Ignorance
Mark Coleman
He keeps folding the bill until it’s virtually non-existent. Stares hard at the bit that should carry some meaning. It’s simply not there. It’s gone into hiding. Flips the light switch a few times. Nothing happens that hasn’t happened a million times before. Puts the pan on the stove. Drizzles in a bit of grease. Knowing that it’ll stick, either way. Washes it out, and resumes the search for a bottle that’s not there.
Looking in places that a bottle would never be. Overturns the flowerpot, and nervously sifts the dirt with a malformed toe. (Rocking back and forth with his head in his trembling hands. Inwardly sobbing with unbearable desperation and dejection.) Drinks every open bottle and forgotten glass, in the hopes that something is secreted away in them. Takes apart the computer on the off chance that a shooter is wrapped up in one of its many wires.
The shakes take over his body again, and he doubles over. On the point of weeping, he wraps himself in a blanket. Trying to concentrate on the carpet he’s standing on, he bites his lip so hard that he draws blood. Shoves his hands into his pockets, and tries to force her image from his mind. It remains there, unclear but definite like everything he’s ever dreamt.
Wisps of her and the things she said adding gravity to the sweat running into his eyes. (The taste of her lips. How it felt to be inside of her. The flaxen hair brushing him into the awareness that everything was, and would remain, alright and harmonious.)
Repeatedly blinking. Head spinning. Vomit starts to fill his mouth. He doesn’t throw up in any kind of conventional sense. He just opens up over the sink, and a block of undigested food falls into the drain. His DT terrified mind causes it to sprout legs, and lunge at him. His legs buckle.
On the floor, unable to keep the refrigerator in focus, he hyperventilates. Every inch of his skin carries its own particular spasm and itch. He turns from side to side, wishing for nothing more than to remain undetected in his convex foxhole. Every strand of his hair seems to carry its own individual electrical current. Supercharged carving knives trying to negotiate the retreating tiles. It occurs to him that the only thing that is certain is that this will never end. (Stolen kisses that gave him life. The bounce it all brought to his step. The change in his demeanor. The lines erased. The pain negated. The pride of every moment spent in her embrace flowing into every other aspect of his life.)
His spine is being broken segment by segment by unseen forces. The very cones and rods of his eyes are exploding. The dust motes are begging recognition through impossibly high screams. His body no longer belongs to him. It belongs to a starving contortionist on the riverfront, who wants nothing more than to work up the courage to drown himself.

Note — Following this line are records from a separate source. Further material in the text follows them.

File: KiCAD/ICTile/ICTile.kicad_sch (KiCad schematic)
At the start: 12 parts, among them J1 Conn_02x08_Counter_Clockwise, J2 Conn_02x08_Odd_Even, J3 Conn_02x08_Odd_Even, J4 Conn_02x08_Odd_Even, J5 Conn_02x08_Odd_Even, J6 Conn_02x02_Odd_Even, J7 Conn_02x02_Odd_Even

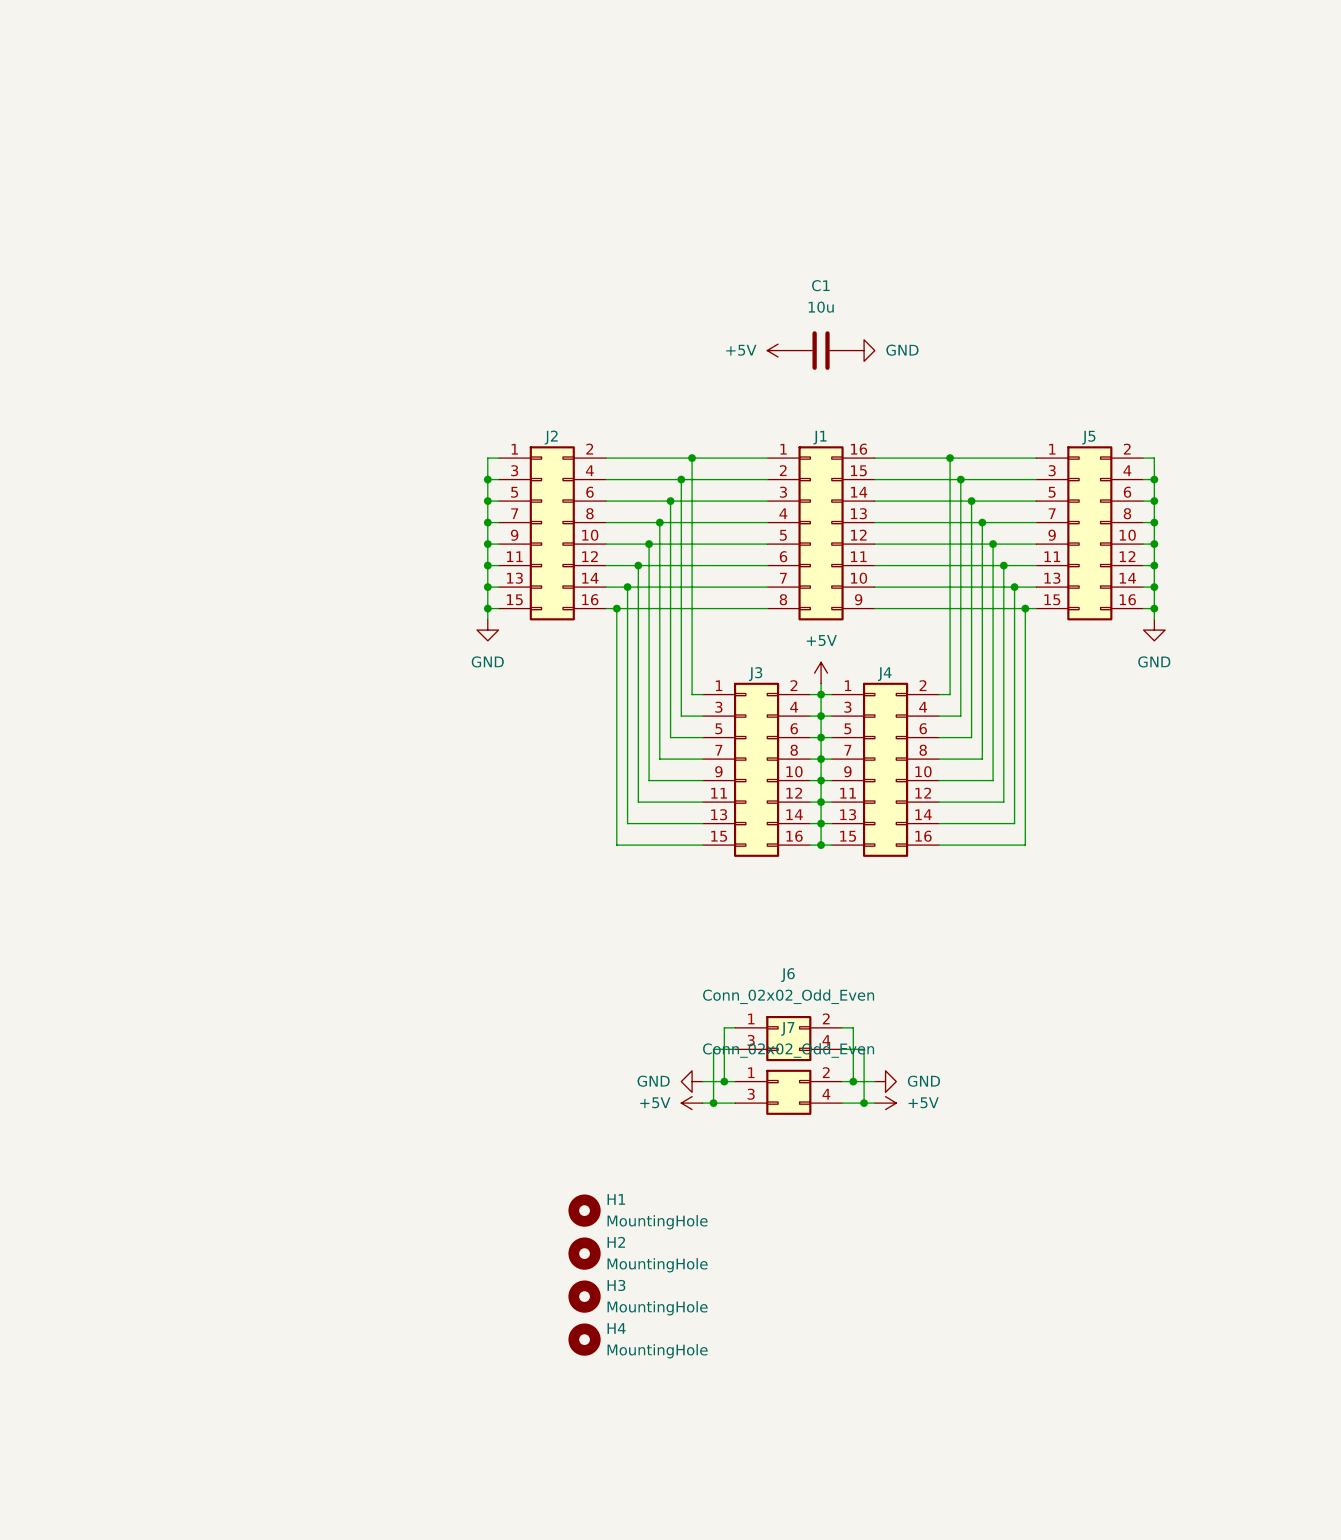
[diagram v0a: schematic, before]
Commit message: Redesign to use 0 Ohm Resistor Jumpers instead of Pin Header Jumpers
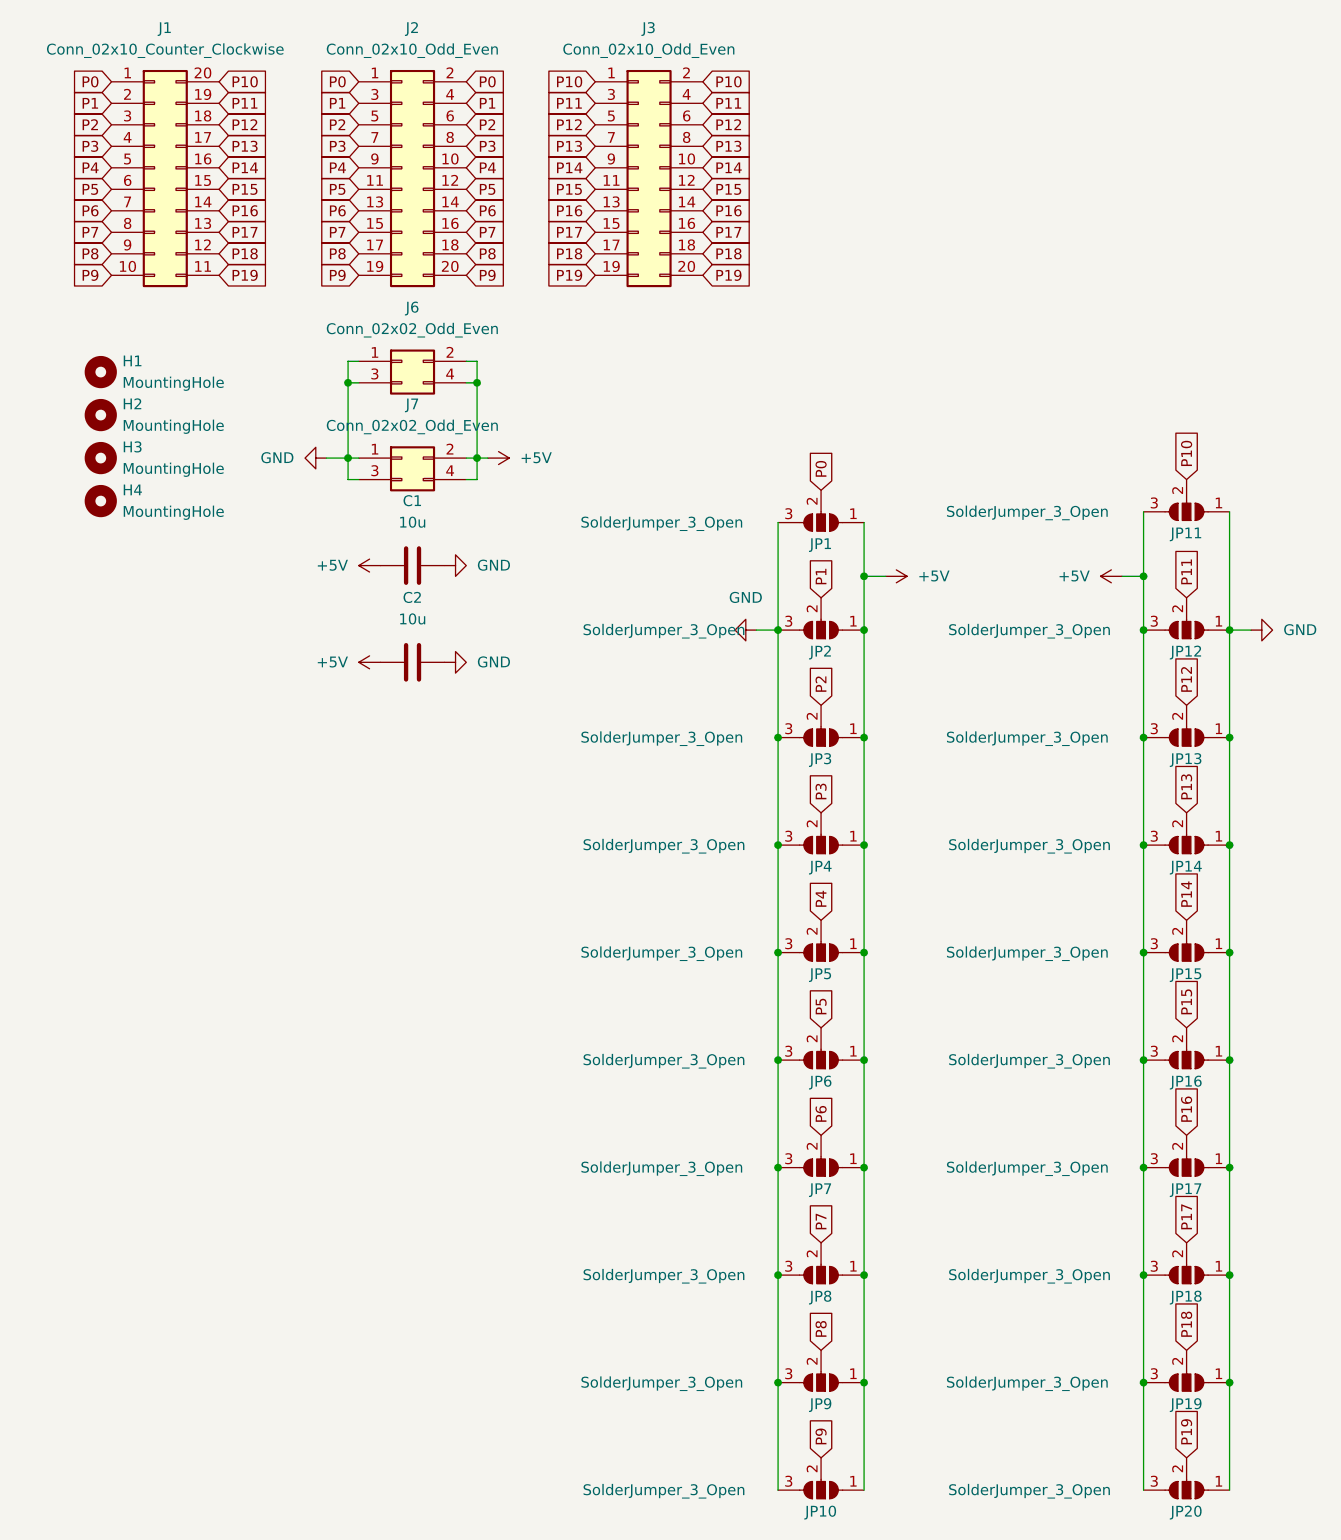
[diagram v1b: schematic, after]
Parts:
- removed J1: Conn_02x08_Counter_Clockwise, Package_DIP:SMDIP-16_W7.62mm, symbol Connector_Generic:Conn_02x08_Counter_Clockwise
- removed J2, J3, J4, J5: Conn_02x08_Odd_Even, Connector_PinHeader_2.54mm:PinHeader_2x08_P2.54mm_Vertical_SMD, symbol Connector_Generic:Conn_02x08_Odd_Even
- added C2: 10u, Capacitor_SMD:C_1206_3216Metric_Pad1.33x1.80mm_HandSolder, symbol Device:C
- added J1: Conn_02x10_Counter_Clockwise, Package_DIP:DIP-20_W8.89mm_SMDSocket_LongPads, symbol Connector_Generic:Conn_02x10_Counter_Clockwise
- added J2, J3: Conn_02x10_Odd_Even, Connector_PinHeader_2.54mm:PinHeader_2x10_P2.54mm_Vertical_SMD, symbol Connector_Generic:Conn_02x10_Odd_Even
- added JP1, JP10, JP11, JP12, JP13, JP14, JP15, JP16, JP17, JP18, JP19, JP2, JP20, JP3, JP4, JP5, JP6, JP7, JP8, JP9: SolderJumper_3_Open, Customs:1206_3Way_Open, symbol Jumper:SolderJumper_3_Open
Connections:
- net +5V: now also J6.2 (Pin_2), J7.2 (Pin_2), C2.1, JP1.1 (A), JP10.1 (A), JP11.3 (B), JP12.3 (B), JP13.3 (B), JP14.3 (B), JP15.3 (B), JP16.3 (B), JP17.3 (B), JP18.3 (B), JP19.3 (B), JP2.1 (A), JP20.3 (B), JP3.1 (A), JP4.1 (A), JP5.1 (A), JP6.1 (A), JP7.1 (A), JP8.1 (A), JP9.1 (A); no longer J6.3 (Pin_3), J7.3 (Pin_3)
- net GND: now also J6.3 (Pin_3), J7.3 (Pin_3), C2.2, JP1.3 (B), JP10.3 (B), JP11.1 (A), JP12.1 (A), JP13.1 (A), JP14.1 (A), JP15.1 (A), JP16.1 (A), JP17.1 (A), JP18.1 (A), JP19.1 (A), JP2.3 (B), JP20.1 (A), JP3.3 (B), JP4.3 (B), JP5.3 (B), JP6.3 (B), JP7.3 (B), JP8.3 (B), JP9.3 (B); no longer J6.2 (Pin_2), J7.2 (Pin_2)
- new net P0: J1.1 (Pin_1), J2.1 (Pin_1), J2.2 (Pin_2), JP1.2 (C)
- new net P1: J1.2 (Pin_2), J2.3 (Pin_3), J2.4 (Pin_4), JP2.2 (C)
- new net P10: J1.20 (Pin_20), J3.1 (Pin_1), J3.2 (Pin_2), JP11.2 (C)
- new net P11: J1.19 (Pin_19), J3.3 (Pin_3), J3.4 (Pin_4), JP12.2 (C)
- new net P12: J1.18 (Pin_18), J3.5 (Pin_5), J3.6 (Pin_6), JP13.2 (C)
- new net P13: J1.17 (Pin_17), J3.7 (Pin_7), J3.8 (Pin_8), JP14.2 (C)
- new net P14: J1.16 (Pin_16), J3.10 (Pin_10), J3.9 (Pin_9), JP15.2 (C)
- new net P15: J1.15 (Pin_15), J3.11 (Pin_11), J3.12 (Pin_12), JP16.2 (C)
- new net P16: J1.14 (Pin_14), J3.13 (Pin_13), J3.14 (Pin_14), JP17.2 (C)
- new net P17: J1.13 (Pin_13), J3.15 (Pin_15), J3.16 (Pin_16), JP18.2 (C)
- new net P18: J1.12 (Pin_12), J3.17 (Pin_17), J3.18 (Pin_18), JP19.2 (C)
- new net P19: J1.11 (Pin_11), J3.19 (Pin_19), J3.20 (Pin_20), JP20.2 (C)
- new net P2: J1.3 (Pin_3), J2.5 (Pin_5), J2.6 (Pin_6), JP3.2 (C)
- new net P3: J1.4 (Pin_4), J2.7 (Pin_7), J2.8 (Pin_8), JP4.2 (C)
- new net P4: J1.5 (Pin_5), J2.10 (Pin_10), J2.9 (Pin_9), JP5.2 (C)
- new net P5: J1.6 (Pin_6), J2.11 (Pin_11), J2.12 (Pin_12), JP6.2 (C)
- new net P6: J1.7 (Pin_7), J2.13 (Pin_13), J2.14 (Pin_14), JP7.2 (C)
- new net P7: J1.8 (Pin_8), J2.15 (Pin_15), J2.16 (Pin_16), JP8.2 (C)
- new net P8: J1.9 (Pin_9), J2.17 (Pin_17), J2.18 (Pin_18), JP9.2 (C)
- new net P9: J1.10 (Pin_10), J2.19 (Pin_19), J2.20 (Pin_20), JP10.2 (C)
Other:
- moved on the sheet: C1, H1, H2, H3, H4, J6, J7

He has to find alternates to drinking bleach. If he attempts that, his misery will only be accelerated. The last thing he needs is a psychosomatic seizure. The triggers of the guns require too much extension. His fingers are neither long nor elastic enough to carry out that sort of wish fulfillment. (Holding her hand in his. Overflowing with feeling beyond the bounds of any knowable analysis. Her eyes and the quiet answers preciously encapsulated therein. Pregnant with understanding. Swollen with simpatico and something that love doesn’t even come close to describing.)
The thought of a bullet powder kegs him into visions of universal exit wounds. A hunk of bleeding Swiss cheese standing in for the thrifty, little, blue globe that stands on his desk. Even though he can’t see it, he knows that the inkwell is beginning to pustulate. He tries to slide over to it.
The fact that something of such importance is happening just beyond him momentarily makes him ignorant of the fact that the television is growing claws, that the toaster is ejaculating millions of sexed up serpents, that the radio is going to suck the marrow out of his bones. It won’t be long before he understands that he has lost. Checkmated by one and all.